State how many lines in the following entries hold the word "start". The reply is that number only.

━━━ Data shown

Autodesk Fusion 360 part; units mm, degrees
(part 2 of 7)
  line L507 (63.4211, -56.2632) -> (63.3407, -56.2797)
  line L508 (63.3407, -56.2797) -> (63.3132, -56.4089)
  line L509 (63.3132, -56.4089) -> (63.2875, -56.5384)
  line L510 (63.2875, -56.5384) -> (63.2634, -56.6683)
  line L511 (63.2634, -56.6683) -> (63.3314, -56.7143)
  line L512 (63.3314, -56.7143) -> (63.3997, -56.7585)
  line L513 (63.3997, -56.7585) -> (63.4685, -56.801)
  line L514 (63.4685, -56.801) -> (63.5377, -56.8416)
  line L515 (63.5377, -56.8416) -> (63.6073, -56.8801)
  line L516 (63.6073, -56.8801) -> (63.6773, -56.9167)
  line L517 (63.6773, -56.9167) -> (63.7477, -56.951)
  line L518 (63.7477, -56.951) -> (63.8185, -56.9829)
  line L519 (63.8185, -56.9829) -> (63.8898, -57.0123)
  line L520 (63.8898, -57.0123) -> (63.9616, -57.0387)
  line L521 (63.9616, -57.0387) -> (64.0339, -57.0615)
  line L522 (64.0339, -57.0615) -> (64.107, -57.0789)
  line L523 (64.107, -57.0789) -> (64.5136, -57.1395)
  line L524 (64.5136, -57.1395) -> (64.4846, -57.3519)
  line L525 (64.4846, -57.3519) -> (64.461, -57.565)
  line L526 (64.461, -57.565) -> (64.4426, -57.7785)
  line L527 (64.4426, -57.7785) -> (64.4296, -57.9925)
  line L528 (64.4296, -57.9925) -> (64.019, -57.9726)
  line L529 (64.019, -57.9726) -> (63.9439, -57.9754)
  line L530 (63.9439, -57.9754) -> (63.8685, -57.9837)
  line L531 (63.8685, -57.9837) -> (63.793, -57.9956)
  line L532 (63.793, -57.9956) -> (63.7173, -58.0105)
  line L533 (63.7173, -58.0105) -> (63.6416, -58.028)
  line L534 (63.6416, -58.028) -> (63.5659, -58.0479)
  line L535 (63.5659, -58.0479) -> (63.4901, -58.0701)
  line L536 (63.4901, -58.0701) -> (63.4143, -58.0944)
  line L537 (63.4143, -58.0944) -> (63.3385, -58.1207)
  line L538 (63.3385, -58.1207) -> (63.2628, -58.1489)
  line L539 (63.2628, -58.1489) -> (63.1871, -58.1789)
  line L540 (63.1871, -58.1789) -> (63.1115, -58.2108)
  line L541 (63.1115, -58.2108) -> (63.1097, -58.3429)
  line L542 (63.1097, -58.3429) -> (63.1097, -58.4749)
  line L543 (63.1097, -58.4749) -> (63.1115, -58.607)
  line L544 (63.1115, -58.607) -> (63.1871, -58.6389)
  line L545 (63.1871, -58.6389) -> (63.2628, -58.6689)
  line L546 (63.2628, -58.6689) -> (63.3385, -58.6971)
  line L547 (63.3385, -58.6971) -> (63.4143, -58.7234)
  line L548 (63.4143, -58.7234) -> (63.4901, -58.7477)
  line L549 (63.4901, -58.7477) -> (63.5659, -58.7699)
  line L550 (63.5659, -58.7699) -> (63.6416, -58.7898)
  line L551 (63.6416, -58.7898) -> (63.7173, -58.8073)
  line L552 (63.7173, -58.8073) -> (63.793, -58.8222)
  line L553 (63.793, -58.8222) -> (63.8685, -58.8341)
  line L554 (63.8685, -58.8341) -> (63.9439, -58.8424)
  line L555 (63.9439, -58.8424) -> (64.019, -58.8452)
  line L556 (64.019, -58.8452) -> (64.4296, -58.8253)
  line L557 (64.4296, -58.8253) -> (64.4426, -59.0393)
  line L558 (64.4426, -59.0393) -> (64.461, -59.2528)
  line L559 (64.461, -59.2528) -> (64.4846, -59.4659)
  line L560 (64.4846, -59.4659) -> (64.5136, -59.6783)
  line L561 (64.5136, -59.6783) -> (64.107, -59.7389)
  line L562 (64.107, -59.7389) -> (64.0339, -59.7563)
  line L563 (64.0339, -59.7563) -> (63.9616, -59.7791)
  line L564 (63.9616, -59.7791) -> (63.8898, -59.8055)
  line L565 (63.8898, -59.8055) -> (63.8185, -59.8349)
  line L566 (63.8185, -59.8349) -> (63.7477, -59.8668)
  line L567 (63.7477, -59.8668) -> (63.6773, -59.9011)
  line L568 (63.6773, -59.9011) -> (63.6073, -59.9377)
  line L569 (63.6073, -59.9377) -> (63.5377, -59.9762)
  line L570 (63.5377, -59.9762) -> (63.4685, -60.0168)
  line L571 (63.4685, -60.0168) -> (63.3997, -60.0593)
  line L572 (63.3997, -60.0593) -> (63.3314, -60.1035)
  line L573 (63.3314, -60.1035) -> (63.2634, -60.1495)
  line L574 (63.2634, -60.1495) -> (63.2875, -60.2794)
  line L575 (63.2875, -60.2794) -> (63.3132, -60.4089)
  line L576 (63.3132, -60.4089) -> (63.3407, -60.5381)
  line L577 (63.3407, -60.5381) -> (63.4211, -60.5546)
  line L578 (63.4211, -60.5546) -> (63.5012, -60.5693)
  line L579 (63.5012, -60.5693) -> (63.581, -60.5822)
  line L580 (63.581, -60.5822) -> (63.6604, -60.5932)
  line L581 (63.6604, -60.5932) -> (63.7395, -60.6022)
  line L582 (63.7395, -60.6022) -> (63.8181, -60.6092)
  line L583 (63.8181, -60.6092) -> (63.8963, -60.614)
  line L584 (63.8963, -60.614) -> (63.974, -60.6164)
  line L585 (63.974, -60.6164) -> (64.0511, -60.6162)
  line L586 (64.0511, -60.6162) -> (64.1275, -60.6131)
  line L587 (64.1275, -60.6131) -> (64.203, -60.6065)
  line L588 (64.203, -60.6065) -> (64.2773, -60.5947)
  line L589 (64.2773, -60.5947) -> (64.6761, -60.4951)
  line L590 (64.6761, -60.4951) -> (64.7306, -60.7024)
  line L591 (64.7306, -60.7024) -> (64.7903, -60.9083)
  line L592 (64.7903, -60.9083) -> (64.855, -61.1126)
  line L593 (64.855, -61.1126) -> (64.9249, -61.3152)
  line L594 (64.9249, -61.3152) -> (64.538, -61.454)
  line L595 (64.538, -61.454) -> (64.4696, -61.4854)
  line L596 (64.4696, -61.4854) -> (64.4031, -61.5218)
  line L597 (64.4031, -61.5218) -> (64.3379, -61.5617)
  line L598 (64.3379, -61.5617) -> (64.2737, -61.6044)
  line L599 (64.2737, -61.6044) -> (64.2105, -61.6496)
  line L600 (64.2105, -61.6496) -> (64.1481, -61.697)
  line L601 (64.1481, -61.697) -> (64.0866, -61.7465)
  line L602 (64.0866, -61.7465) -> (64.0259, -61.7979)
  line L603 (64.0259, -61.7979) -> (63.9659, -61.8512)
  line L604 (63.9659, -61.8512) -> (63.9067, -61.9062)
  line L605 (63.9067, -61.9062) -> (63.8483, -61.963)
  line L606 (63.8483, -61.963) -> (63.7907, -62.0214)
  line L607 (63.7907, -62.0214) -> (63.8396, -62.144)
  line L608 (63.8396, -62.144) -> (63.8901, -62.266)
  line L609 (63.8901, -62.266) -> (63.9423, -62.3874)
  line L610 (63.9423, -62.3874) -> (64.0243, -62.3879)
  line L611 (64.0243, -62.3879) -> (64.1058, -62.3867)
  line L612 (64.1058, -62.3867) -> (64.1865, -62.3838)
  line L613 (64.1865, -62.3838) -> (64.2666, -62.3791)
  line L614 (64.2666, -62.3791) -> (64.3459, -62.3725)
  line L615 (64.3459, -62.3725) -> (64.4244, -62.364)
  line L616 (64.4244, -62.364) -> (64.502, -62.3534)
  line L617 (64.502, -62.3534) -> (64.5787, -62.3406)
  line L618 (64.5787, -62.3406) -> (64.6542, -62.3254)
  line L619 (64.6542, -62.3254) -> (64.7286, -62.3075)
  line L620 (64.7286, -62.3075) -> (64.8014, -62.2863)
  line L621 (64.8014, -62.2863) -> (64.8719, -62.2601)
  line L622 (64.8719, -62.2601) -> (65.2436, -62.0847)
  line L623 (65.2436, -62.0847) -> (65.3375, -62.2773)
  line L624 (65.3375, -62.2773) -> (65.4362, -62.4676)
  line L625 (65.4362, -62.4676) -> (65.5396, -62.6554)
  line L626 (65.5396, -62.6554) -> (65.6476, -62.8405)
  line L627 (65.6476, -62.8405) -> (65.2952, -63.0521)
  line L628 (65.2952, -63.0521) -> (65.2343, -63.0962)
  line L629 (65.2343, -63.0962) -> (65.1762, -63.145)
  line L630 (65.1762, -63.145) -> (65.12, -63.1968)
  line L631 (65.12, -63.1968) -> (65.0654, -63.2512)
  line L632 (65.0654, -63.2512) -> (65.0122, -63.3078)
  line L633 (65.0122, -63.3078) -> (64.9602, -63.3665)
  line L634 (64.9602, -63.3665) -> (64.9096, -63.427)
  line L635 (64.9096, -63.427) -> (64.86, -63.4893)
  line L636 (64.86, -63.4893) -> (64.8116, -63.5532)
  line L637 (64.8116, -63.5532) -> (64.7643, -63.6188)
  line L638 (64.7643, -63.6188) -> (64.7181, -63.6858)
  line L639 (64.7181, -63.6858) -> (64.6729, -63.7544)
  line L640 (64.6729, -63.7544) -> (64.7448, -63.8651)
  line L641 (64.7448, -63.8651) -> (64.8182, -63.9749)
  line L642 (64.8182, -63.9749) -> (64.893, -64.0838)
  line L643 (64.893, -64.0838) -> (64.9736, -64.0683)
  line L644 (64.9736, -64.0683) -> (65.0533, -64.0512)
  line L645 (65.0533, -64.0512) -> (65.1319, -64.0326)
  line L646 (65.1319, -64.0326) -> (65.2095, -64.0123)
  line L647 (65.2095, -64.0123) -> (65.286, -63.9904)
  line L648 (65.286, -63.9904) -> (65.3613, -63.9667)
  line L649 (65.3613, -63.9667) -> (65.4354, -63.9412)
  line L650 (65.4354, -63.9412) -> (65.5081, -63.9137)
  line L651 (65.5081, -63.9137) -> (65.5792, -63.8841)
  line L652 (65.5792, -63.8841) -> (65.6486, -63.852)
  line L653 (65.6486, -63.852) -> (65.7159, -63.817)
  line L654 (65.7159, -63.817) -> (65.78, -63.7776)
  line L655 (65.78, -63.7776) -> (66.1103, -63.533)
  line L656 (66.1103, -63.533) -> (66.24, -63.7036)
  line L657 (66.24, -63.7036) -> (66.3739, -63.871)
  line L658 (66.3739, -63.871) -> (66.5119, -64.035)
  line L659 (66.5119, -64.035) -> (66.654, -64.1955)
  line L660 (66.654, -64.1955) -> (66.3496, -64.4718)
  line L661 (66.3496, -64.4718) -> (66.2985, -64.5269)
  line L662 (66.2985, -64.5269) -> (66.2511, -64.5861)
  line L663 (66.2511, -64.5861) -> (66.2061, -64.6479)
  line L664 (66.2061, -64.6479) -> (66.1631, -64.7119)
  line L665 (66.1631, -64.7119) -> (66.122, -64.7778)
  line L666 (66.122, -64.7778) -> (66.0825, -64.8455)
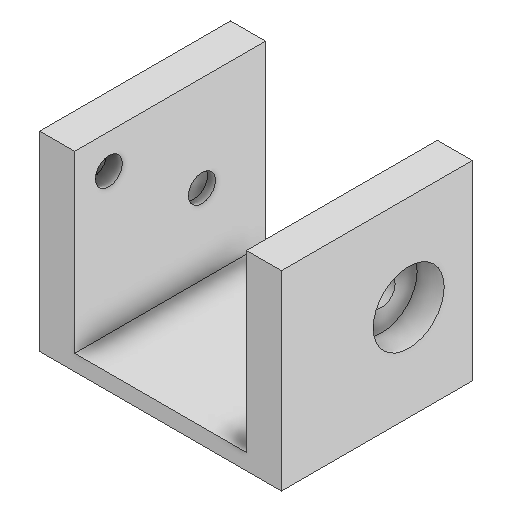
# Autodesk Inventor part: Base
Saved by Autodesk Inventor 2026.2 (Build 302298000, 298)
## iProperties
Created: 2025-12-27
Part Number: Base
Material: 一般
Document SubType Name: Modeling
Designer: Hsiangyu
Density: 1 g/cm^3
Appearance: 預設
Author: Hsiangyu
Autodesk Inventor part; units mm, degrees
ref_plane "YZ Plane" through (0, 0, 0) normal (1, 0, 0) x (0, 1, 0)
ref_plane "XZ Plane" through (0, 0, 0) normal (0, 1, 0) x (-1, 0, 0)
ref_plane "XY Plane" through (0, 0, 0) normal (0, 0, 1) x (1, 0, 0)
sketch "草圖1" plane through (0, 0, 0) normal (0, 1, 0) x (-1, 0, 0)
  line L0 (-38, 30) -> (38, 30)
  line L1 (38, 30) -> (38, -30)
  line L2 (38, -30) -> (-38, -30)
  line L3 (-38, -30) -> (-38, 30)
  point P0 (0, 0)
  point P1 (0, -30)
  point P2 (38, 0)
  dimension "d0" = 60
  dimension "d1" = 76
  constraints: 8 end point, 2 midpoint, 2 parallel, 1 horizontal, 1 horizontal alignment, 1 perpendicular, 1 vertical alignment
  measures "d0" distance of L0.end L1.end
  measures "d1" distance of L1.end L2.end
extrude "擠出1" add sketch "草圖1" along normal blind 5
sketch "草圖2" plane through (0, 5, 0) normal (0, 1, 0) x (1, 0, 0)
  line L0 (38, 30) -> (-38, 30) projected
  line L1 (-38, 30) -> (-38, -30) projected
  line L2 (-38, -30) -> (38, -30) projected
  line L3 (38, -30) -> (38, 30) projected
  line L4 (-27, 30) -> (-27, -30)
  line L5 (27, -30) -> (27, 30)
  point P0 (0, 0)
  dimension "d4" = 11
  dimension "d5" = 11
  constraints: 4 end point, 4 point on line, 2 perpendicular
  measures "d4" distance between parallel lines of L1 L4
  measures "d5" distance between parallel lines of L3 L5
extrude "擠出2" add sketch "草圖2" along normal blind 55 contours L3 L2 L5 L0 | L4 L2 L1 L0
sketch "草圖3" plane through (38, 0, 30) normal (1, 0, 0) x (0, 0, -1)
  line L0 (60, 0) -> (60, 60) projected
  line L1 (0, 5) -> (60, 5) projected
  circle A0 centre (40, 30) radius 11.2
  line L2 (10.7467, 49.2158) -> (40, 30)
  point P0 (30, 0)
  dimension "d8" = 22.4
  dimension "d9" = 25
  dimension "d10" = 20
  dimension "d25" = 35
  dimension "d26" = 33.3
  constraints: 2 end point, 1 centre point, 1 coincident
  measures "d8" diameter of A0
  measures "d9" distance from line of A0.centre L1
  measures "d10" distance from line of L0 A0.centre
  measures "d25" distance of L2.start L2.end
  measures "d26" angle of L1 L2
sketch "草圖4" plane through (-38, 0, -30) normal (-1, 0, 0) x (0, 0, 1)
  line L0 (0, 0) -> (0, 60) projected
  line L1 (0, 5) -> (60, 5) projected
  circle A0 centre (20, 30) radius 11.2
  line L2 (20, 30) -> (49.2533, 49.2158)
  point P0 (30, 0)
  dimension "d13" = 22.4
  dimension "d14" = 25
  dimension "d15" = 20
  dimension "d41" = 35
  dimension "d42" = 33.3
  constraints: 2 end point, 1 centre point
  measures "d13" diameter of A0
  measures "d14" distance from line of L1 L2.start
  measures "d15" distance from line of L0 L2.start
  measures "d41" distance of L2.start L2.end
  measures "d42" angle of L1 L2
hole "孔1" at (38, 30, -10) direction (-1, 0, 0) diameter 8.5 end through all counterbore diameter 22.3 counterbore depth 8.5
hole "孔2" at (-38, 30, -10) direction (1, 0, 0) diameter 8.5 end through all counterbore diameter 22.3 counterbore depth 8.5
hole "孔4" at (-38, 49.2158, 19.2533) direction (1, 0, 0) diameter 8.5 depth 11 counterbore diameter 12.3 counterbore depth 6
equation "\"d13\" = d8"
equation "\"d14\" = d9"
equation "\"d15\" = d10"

━━━━━━

Solution to this problem: 4